◆ Your task
From the records below, please repeat exactly the line that has "Constant4/1 -> Product4/1", the line that has "Step : Step", and every line between them, and nothing else.

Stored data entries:
● ● ● ● ●

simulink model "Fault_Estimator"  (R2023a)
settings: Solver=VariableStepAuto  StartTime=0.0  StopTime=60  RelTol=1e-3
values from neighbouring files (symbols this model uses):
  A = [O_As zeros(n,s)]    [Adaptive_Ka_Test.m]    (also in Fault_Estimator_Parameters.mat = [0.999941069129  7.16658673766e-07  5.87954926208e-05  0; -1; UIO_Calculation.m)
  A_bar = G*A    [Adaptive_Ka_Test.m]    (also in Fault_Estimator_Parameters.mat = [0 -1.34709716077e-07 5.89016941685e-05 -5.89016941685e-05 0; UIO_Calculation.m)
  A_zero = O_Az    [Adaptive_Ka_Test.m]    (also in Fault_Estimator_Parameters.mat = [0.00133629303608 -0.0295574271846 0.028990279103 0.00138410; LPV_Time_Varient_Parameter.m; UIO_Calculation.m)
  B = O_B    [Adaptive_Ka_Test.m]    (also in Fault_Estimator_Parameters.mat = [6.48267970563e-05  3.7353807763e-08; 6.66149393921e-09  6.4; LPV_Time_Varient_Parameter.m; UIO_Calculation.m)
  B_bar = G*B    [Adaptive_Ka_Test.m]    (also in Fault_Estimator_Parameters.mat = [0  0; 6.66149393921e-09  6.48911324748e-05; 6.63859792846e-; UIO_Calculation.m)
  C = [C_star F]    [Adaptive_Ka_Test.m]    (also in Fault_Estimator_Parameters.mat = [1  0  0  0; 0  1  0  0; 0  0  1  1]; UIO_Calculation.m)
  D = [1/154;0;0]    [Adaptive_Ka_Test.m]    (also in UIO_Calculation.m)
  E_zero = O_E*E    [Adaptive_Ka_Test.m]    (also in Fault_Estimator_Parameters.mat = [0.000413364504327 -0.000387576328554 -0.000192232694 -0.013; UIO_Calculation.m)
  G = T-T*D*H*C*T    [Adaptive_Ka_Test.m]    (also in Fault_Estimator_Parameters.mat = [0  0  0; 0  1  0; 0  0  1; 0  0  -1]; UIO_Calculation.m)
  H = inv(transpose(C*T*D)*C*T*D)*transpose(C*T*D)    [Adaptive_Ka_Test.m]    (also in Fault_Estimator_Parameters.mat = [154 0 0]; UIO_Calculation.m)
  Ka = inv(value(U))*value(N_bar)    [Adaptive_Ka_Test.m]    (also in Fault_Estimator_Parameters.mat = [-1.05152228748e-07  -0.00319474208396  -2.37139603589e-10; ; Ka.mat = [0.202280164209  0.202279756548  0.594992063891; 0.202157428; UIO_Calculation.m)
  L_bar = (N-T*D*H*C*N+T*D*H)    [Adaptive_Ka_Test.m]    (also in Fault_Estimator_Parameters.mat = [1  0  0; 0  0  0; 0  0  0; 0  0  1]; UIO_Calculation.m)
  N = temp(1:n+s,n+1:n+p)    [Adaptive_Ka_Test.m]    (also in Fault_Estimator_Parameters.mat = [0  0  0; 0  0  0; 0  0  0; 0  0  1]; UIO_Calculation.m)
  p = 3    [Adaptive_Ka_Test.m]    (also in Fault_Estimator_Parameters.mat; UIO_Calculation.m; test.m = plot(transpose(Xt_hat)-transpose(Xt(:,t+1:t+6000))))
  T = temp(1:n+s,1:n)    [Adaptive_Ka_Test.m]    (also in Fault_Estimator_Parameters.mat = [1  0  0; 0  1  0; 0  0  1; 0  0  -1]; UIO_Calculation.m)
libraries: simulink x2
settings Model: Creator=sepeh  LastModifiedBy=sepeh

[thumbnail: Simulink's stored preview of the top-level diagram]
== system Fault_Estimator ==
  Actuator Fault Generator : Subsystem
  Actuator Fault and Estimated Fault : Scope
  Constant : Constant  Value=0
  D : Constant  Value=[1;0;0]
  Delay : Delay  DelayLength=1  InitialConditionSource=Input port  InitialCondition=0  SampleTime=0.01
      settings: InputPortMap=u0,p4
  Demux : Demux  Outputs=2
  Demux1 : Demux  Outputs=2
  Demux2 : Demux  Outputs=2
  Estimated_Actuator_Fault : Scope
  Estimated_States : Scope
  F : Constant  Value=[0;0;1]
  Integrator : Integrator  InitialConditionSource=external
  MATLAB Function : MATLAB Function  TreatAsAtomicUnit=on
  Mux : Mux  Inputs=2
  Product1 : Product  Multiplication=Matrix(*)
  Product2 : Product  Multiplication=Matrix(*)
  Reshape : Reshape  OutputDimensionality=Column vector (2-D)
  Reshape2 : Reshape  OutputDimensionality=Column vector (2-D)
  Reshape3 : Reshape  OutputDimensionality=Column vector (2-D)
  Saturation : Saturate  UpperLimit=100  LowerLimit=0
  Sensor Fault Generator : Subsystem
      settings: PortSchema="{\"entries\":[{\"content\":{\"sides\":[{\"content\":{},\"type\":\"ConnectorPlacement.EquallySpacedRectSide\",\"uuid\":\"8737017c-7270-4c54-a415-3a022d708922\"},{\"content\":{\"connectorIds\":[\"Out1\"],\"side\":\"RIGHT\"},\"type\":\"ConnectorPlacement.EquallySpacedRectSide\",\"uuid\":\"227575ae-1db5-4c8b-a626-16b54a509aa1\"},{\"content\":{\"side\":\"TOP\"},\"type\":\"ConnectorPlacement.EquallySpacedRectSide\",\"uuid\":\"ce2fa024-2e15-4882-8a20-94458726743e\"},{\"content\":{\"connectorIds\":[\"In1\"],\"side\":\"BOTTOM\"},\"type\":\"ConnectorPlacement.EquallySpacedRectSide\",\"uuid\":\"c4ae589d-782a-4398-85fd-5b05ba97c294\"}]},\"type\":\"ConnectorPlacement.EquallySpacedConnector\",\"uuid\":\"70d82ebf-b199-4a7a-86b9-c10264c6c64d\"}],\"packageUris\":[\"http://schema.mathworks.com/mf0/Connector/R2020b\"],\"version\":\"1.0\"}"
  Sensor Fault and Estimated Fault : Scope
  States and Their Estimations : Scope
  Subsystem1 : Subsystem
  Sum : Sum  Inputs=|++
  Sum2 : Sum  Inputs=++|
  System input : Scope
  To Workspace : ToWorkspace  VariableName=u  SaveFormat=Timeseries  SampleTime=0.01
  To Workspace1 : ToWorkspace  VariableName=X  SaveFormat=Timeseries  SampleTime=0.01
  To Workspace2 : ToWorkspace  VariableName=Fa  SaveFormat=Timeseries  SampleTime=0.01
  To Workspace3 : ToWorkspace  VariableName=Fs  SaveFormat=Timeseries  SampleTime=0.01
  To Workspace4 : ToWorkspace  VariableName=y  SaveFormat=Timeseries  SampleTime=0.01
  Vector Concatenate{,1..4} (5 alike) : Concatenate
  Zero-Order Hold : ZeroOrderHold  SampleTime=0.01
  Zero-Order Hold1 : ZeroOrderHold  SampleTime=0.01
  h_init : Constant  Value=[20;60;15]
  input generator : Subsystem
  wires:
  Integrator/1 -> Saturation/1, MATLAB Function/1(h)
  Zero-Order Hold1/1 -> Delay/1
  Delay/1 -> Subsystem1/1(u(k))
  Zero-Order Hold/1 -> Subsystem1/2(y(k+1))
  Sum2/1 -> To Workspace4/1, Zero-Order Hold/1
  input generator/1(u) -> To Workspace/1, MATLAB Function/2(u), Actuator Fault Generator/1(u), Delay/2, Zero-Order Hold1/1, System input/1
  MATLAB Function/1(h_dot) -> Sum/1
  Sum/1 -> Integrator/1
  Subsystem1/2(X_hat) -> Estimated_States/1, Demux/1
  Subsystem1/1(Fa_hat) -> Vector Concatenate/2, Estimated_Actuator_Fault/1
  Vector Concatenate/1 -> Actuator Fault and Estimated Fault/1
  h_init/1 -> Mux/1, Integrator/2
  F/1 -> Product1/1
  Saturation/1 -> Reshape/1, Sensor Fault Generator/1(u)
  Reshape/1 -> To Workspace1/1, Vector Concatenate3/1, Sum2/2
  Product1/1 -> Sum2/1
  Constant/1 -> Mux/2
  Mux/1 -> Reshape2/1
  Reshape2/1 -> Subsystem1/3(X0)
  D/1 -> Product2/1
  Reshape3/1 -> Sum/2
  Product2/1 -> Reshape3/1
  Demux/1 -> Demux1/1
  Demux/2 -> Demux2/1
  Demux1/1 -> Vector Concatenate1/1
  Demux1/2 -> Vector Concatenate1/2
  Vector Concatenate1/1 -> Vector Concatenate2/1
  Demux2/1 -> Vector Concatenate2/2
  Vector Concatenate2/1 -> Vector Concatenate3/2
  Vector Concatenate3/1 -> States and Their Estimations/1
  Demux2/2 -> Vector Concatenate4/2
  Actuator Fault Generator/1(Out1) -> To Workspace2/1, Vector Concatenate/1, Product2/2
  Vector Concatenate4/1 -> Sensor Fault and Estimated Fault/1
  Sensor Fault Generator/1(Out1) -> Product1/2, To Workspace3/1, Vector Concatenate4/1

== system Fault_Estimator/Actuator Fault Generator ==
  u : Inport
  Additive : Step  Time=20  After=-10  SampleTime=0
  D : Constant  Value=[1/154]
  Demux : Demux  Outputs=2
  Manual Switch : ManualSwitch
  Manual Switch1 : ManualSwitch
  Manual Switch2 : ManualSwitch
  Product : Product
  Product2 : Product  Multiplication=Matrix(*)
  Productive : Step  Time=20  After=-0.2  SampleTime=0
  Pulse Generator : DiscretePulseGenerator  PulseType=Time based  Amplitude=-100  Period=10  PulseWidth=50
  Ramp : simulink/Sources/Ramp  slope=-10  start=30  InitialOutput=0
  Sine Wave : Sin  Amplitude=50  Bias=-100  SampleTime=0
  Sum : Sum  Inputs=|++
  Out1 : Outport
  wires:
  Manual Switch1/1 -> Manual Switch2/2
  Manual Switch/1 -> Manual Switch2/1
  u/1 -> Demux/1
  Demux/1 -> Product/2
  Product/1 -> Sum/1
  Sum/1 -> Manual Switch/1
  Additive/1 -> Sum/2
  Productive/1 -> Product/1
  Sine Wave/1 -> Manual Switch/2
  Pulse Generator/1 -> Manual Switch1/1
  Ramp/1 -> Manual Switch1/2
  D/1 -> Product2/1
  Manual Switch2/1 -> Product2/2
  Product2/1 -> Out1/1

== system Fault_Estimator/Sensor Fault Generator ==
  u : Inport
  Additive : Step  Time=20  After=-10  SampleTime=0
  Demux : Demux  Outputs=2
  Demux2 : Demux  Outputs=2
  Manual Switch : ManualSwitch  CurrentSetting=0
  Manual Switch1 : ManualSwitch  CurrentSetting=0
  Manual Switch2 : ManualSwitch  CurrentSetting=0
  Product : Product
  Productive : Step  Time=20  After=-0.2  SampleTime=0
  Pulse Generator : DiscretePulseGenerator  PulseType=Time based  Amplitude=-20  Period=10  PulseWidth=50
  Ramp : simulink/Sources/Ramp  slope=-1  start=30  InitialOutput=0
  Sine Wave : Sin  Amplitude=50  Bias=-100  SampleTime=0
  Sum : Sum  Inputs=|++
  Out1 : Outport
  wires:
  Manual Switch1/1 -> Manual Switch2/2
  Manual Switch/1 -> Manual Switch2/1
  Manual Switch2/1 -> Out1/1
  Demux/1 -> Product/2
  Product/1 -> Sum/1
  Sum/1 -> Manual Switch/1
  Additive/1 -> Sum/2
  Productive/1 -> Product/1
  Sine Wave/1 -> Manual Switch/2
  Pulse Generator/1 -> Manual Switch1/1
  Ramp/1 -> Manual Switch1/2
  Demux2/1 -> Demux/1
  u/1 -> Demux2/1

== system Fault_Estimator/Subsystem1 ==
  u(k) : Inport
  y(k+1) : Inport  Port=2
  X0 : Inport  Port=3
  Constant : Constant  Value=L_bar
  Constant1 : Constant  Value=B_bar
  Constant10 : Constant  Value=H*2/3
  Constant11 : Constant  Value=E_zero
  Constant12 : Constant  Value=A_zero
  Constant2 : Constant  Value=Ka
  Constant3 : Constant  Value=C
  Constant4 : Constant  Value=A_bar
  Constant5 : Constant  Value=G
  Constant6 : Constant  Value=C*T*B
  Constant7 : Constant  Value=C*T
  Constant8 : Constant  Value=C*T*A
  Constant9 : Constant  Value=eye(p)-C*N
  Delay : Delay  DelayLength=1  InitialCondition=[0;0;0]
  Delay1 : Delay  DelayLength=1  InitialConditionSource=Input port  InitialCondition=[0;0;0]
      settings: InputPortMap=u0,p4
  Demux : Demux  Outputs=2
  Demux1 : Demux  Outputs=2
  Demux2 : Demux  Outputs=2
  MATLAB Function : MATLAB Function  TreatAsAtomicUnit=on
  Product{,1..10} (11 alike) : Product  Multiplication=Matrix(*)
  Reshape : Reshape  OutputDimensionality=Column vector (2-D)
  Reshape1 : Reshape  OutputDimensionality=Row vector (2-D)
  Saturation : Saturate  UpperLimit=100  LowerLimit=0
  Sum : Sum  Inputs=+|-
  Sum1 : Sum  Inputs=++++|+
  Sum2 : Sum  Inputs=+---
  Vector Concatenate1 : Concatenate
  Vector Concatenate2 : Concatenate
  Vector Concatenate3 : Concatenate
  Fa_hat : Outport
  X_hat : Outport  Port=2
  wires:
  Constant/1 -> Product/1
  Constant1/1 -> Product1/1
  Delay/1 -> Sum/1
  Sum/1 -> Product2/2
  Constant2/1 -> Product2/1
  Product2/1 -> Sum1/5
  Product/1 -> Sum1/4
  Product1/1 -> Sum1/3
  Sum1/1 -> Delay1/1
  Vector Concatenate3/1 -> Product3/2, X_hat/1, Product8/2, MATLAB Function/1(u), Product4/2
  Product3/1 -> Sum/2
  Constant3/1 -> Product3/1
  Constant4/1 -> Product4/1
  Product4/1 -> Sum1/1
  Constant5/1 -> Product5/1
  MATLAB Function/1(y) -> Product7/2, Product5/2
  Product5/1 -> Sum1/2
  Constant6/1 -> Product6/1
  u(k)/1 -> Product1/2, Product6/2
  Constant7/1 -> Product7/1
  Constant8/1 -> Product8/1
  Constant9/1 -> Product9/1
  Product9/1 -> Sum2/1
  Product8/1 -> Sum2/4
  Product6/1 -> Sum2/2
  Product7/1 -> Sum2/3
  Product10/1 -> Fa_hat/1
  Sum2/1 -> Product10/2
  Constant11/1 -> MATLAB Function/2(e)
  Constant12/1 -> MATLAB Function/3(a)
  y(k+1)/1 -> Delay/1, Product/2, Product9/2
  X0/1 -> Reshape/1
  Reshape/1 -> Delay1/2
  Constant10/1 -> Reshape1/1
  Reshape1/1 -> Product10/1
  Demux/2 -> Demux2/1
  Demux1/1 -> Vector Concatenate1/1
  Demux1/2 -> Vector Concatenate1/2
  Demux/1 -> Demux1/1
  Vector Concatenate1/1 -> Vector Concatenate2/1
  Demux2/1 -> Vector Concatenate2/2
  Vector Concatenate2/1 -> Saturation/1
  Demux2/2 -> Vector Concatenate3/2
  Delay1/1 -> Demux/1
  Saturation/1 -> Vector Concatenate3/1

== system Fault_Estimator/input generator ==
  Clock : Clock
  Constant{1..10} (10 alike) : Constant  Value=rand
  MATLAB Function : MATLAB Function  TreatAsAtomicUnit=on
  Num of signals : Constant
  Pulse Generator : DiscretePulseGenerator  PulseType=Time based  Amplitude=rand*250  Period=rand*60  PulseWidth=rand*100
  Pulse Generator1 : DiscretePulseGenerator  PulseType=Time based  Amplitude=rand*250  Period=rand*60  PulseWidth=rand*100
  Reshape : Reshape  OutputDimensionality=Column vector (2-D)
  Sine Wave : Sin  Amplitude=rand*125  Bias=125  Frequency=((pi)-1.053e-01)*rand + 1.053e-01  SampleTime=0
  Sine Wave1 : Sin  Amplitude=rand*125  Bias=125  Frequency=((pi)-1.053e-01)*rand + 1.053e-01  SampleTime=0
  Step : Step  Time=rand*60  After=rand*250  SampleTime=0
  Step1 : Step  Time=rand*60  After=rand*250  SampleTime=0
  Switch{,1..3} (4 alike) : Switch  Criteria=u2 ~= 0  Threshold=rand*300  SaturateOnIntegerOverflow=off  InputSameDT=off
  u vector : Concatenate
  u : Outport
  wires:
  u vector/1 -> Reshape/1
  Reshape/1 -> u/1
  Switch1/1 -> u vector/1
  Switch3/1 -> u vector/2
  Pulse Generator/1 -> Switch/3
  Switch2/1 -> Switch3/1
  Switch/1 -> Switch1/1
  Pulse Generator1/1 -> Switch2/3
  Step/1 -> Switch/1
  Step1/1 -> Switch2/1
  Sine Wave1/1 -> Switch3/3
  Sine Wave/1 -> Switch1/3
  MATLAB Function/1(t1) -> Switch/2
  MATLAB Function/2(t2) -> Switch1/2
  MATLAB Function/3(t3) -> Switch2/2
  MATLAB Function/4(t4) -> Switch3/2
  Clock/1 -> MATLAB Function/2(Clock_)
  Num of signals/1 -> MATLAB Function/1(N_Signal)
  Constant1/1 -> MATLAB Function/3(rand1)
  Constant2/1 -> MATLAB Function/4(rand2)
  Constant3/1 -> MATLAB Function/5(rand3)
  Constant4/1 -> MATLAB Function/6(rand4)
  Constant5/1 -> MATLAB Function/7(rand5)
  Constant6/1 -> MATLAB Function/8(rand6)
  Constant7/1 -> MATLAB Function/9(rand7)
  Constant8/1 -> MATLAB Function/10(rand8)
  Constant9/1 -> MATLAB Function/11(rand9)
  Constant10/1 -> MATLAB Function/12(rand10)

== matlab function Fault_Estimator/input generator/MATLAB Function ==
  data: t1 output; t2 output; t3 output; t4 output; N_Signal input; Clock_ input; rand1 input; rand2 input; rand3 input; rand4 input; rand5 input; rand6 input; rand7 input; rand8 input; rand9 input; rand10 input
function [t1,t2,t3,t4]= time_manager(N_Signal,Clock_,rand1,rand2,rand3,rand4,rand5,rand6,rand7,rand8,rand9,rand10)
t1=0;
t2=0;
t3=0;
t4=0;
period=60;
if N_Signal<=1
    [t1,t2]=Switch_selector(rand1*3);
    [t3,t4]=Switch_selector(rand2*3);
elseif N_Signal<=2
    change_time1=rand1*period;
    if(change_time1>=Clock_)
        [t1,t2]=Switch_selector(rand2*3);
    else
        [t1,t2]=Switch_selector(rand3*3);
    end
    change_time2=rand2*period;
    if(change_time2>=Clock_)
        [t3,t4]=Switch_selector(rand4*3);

● ● ● ● ●

◆ Result for this task
  Constant4/1 -> Product4/1
  Product4/1 -> Sum1/1
  Constant5/1 -> Product5/1
  MATLAB Function/1(y) -> Product7/2, Product5/2
  Product5/1 -> Sum1/2
  Constant6/1 -> Product6/1
  u(k)/1 -> Product1/2, Product6/2
  Constant7/1 -> Product7/1
  Constant8/1 -> Product8/1
  Constant9/1 -> Product9/1
  Product9/1 -> Sum2/1
  Product8/1 -> Sum2/4
  Product6/1 -> Sum2/2
  Product7/1 -> Sum2/3
  Product10/1 -> Fa_hat/1
  Sum2/1 -> Product10/2
  Constant11/1 -> MATLAB Function/2(e)
  Constant12/1 -> MATLAB Function/3(a)
  y(k+1)/1 -> Delay/1, Product/2, Product9/2
  X0/1 -> Reshape/1
  Reshape/1 -> Delay1/2
  Constant10/1 -> Reshape1/1
  Reshape1/1 -> Product10/1
  Demux/2 -> Demux2/1
  Demux1/1 -> Vector Concatenate1/1
  Demux1/2 -> Vector Concatenate1/2
  Demux/1 -> Demux1/1
  Vector Concatenate1/1 -> Vector Concatenate2/1
  Demux2/1 -> Vector Concatenate2/2
  Vector Concatenate2/1 -> Saturation/1
  Demux2/2 -> Vector Concatenate3/2
  Delay1/1 -> Demux/1
  Saturation/1 -> Vector Concatenate3/1

== system Fault_Estimator/input generator ==
  Clock : Clock
  Constant{1..10} (10 alike) : Constant  Value=rand
  MATLAB Function : MATLAB Function  TreatAsAtomicUnit=on
  Num of signals : Constant
  Pulse Generator : DiscretePulseGenerator  PulseType=Time based  Amplitude=rand*250  Period=rand*60  PulseWidth=rand*100
  Pulse Generator1 : DiscretePulseGenerator  PulseType=Time based  Amplitude=rand*250  Period=rand*60  PulseWidth=rand*100
  Reshape : Reshape  OutputDimensionality=Column vector (2-D)
  Sine Wave : Sin  Amplitude=rand*125  Bias=125  Frequency=((pi)-1.053e-01)*rand + 1.053e-01  SampleTime=0
  Sine Wave1 : Sin  Amplitude=rand*125  Bias=125  Frequency=((pi)-1.053e-01)*rand + 1.053e-01  SampleTime=0
  Step : Step  Time=rand*60  After=rand*250  SampleTime=0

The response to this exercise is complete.